Soigner son alter ego ne sera jamais un échange exclusivement économique.
Depuis plusieurs mois, les agents des DDPP1 inspectent les cabinets dentaires dans le cadre d’une enquête nationale « relative à l’information des consommateurs lors de la réalisation de soins dentaires ». Il s’agit de contrôler la conformité de nos pratiques avec les exigences légales en matière d’information du patient : l’affichage des honoraires, l’obligation du devis, avec le modèle conventionnel lorsque le traitement prévoit un dispositif médical sur mesure (DMSM), la communication de la fiche de traçabilité et de la déclaration de conformité après la pose du DMSM, etc.
On constate parfois des aberrations dans les « manquements » relevés par les agents contrôleurs, comme l’absence de mention d’un « médiateur de la consommation » sur le site du cabinet dentaire ou le défaut d’information du patient lorsqu’il renseigne son numéro de téléphone, qu’il peut faire opposition au démarchage téléphonique via le dispositif Bloctel ! Mais la méprise la plus grave est celle où le procès-verbal de la DDPP indique que la fourniture de DMSM est une « vente » à laquelle doit s’appliquer la garantie légale de conformité de 2 ans… Bien sûr, le chirurgien-dentiste, professionnel médical, ne peut pas « vendre ». La vente est une pratique commerciale prohibée par les principes déontologiques fondamentaux. Les droits européen et français qualifient d’ail-leurs la réalisation d’un DMSM de « prestation de service médical », ce que la cour de cassation ne cesse de répéter depuis plus de quarante ans !
Mieux, si la finalité de la répression administrative est de protéger les droits du « consommateur », la prestation de service médical, telle qu’encadrée par le code de la santé publique, offre au patient bien plus de protections que ne le ferait la garantie de conformité prévue pour la « vente » dans le code de la consommation. Au-delà du débat juridique, il nous faut souligner la dérive consumériste qui n’a de cesse, depuis plus de vingt ans2, de déshumaniser froidement la relation médicale. Alors que notre droit s’est forgé, au cours des dernières décennies, un impressionnant arsenal répressif contre les professionnels de santé qui n’existe pour nulle autre catégorie professionnelle, on continue à croire qu’il faut pousser encore plus loin ce droit de la méfiance envers le professionnel de santé, soupçonné de menacer la liberté du « consommateur ».
Soigner son alter ego ne sera jamais un échange exclusivement économique qui dénature l’acte médical y faisant s’évanouir les exigences éthiques et déontologiques.
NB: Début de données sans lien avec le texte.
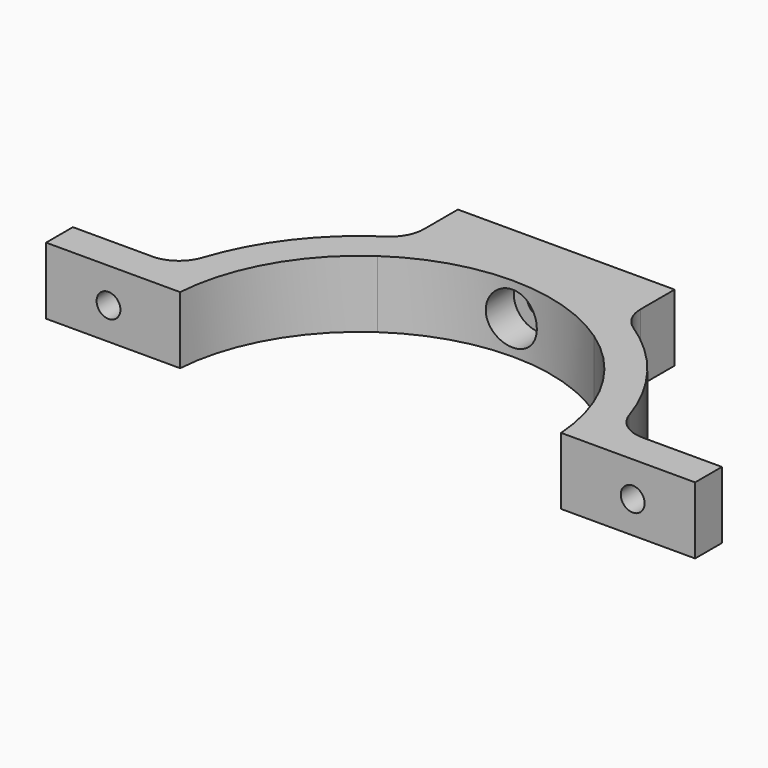
from build123d import *
from build123d import SkipClean  # not in build123d's __all__

# Parameters (mm, degrees)
F1_DEPTH       = 10
F3_D           = 3.556
F3_CBORE_D     = 7.62
F3_CBORE_DEPTH = 10
F4_DEPTH       = 10.001
F6_D           = 3.556
F7_R           = 5


# Not quite as in the source:
# - a feature names something its author has since deleted; it is built from what else it names


with BuildPart() as f1:
    # F0 (on Top) → F1 (new body)
    with BuildSketch(Plane.XY):
        with BuildLine():
            ThreePointArc((16.1705551086, 23.468343518), (24.7491207645, 14.1326225939), (28.4297379517, 2))
            Line((28.4297379517, 2), (28.4297379517, 7))
            Line((28.4297379517, 7), (32.7604945018, 7))
            ThreePointArc((32.7604945018, 7), (26.8945535829, 19.9733068763), (16.1705551086, 29.3387652685))
            Line((16.1705551086, 29.3387652685), (16.1705551086, 23.468343518))
        make_face()
        with BuildLine():
            ThreePointArc((-16.1705551086, 23.468343518), (0, 28.5), (16.1705551086, 23.468343518))
            Line((16.1705551086, 23.468343518), (16.1705551086, 29.3387652685))
            Line((16.1705551086, 29.3387652685), (-16.1705551086, 29.3387652685))
            Line((-16.1705551086, 29.3387652685), (-16.1705551086, 23.468343518))
        make_face()
        with BuildLine():
            ThreePointArc((-28.4297379517, 2), (-24.7491207645, 14.1326225939), (-16.1705551086, 23.468343518))
            Line((-16.1705551086, 23.468343518), (-16.1705551086, 29.3387652685))
            ThreePointArc((-16.1705551086, 29.3387652685), (-26.8945535829, 19.9733068763), (-32.7604945018, 7))
            Line((-32.7604945018, 7), (-28.4297379517, 7))
            Line((-28.4297379517, 7), (-28.4297379517, 2))
        make_face()
        with BuildLine():
            Line((-48.4297379517, 2), (-33.4402452144, 2))
            ThreePointArc((-33.4402452144, 2), (-33.1946454228, 4.5128167765), (-32.7604945018, 7))
            Line((-32.7604945018, 7), (-48.4297379517, 7))
            Line((-48.4297379517, 7), (-48.4297379517, 2))
        make_face()
        with BuildLine():
            Line((-33.4402452144, 2), (-28.4297379517, 2))
            Line((-28.4297379517, 2), (-28.4297379517, 7))
            Line((-28.4297379517, 7), (-32.7604945018, 7))
            ThreePointArc((-32.7604945018, 7), (-33.1946454228, 4.5128167765), (-33.4402452144, 2))
        make_face()
        with BuildLine():
            Line((28.4297379517, 7), (28.4297379517, 2))
            Line((28.4297379517, 2), (33.4402452144, 2))
            ThreePointArc((33.4402452144, 2), (33.1946454228, 4.5128167765), (32.7604945018, 7))
            Line((32.7604945018, 7), (28.4297379517, 7))
        make_face()
        with BuildLine():
            ThreePointArc((32.7604945018, 7), (33.1946454228, 4.5128167765), (33.4402452144, 2))
            Line((33.4402452144, 2), (48.4297379517, 2))
            Line((48.4297379517, 2), (48.4297379517, 7))
            Line((48.4297379517, 7), (32.7604945018, 7))
        make_face()
        with BuildLine():
            Line((-16.1705551086, 33.5), (-16.1705551086, 29.3387652685))
            ThreePointArc((-16.1705551086, 29.3387652685), (-8.3486933282, 32.4430165014), (1.811e-07, 33.5))
            Line((1.811e-07, 33.5), (-16.1705551086, 33.5))
        make_face()
        with BuildLine():
            ThreePointArc((1.811e-07, 33.5), (8.3486935036, 32.4430164563), (16.1705551086, 29.3387652685))
            Line((16.1705551086, 29.3387652685), (16.1705551086, 33.5))
            Line((16.1705551086, 33.5), (1.811e-07, 33.5))
        make_face()
        with BuildLine():
            Line((-16.1705551086, 23.468343518), (16.1705551086, 23.468343518))
            ThreePointArc((16.1705551086, 23.468343518), (0, 28.5), (-16.1705551086, 23.468343518))
        make_face()
        Polygon((-16.1705551086, 33.5), (1.811e-07, 33.5), (16.1705551086, 33.5), (16.1705551086, 38.5), (-16.1705551086, 38.5), align=None)
        with BuildLine():
            Line((-16.1705551086, 29.3387652685), (16.1705551086, 29.3387652685))
            ThreePointArc((16.1705551086, 29.3387652685), (8.3486935036, 32.4430164563), (1.811e-07, 33.5))
            ThreePointArc((1.811e-07, 33.5), (-8.3486933282, 32.4430165014), (-16.1705551086, 29.3387652685))
        make_face()
    extrude(amount=F1_DEPTH)

    # F3 (through all)
    with Locations(Plane.XZ.offset(-23.468343518)):
        with Locations((0, 5)):
            CounterBoreHole(F3_D / 2, F3_CBORE_D / 2, F3_CBORE_DEPTH)

    # F0 (on Top) → F4 (cut, through all)
    with BuildSketch(Plane.XY):
        with BuildLine():
            Line((-16.1705551086, 23.468343518), (16.1705551086, 23.468343518))
            ThreePointArc((16.1705551086, 23.468343518), (0, 28.5), (-16.1705551086, 23.468343518))
        make_face()
    with SkipClean():  # cleaning this boolean's faces spoils the solid; the shape is the same uncleaned
        extrude(amount=F4_DEPTH, mode=Mode.SUBTRACT)

    # F6 (through all)
    with Locations(Plane.XZ.offset(-2)):
        with Locations((-39.116, 4.78035165), (39.116, 4.78035165)):
            Hole(F6_D / 2)

    # F7
    f7_edges = [f1.edges().sort_by_distance(p)[0] for p in [
        (-32.760495, 7, 5),
        (32.760495, 7, 5),
        (16.170555, 29.338765, 5),
        (-16.170555, 29.338765, 5),
    ]]
    fillet(f7_edges, radius=F7_R)


solid = f1.part
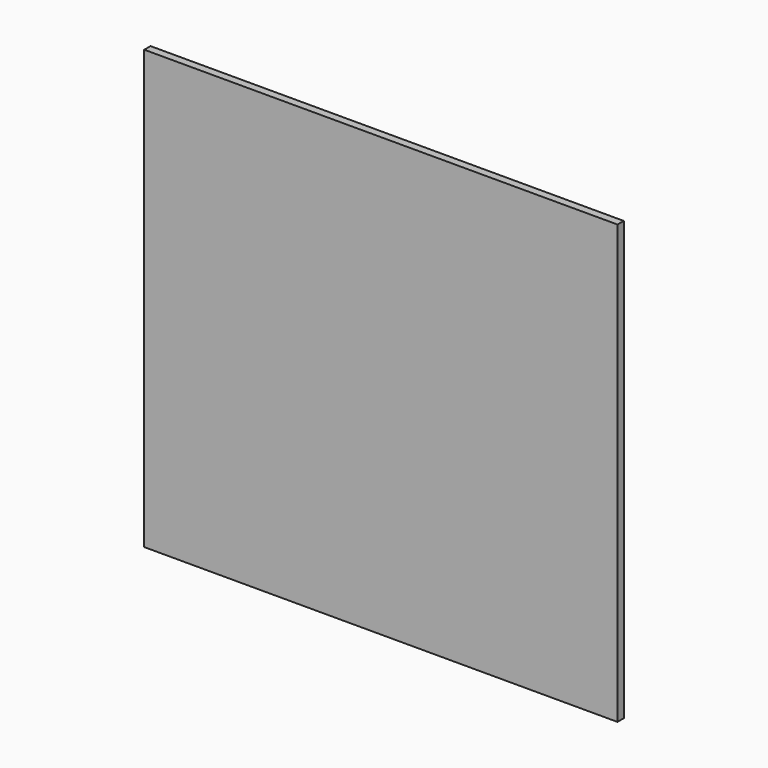
from build123d import *

# Parameters (mm, degrees)
F0_W     = 241
F0_H     = 223
F1_DEPTH = 4


# Not quite as in the source:
# - a feature names something its author has since deleted; it is built from what else it names


with BuildPart() as f1:
    # F0 (on Front) → F1 (new body)
    with BuildSketch(Plane.XZ):
        with Locations((120.5, 111.5)):
            Rectangle(F0_W, F0_H)
    extrude(amount=F1_DEPTH)


solid = f1.part

Le traitement par un dispositif médical sur mesure, conçu pour remplacer un organe, ne sera jamais une vente. Autrement, nous serons dans l’antichambre de la vente d’organes, là où il faudrait accepter une disqualification totale du corps humain, pourtant sanctuarisé par deux millénaires d’humanisme médical, et le réduire à un assemblage d’objets qu’on achète et qu’on vend ! Nous n’avons pas choisi d’acheter et de vendre, nous avons choisi de soigner.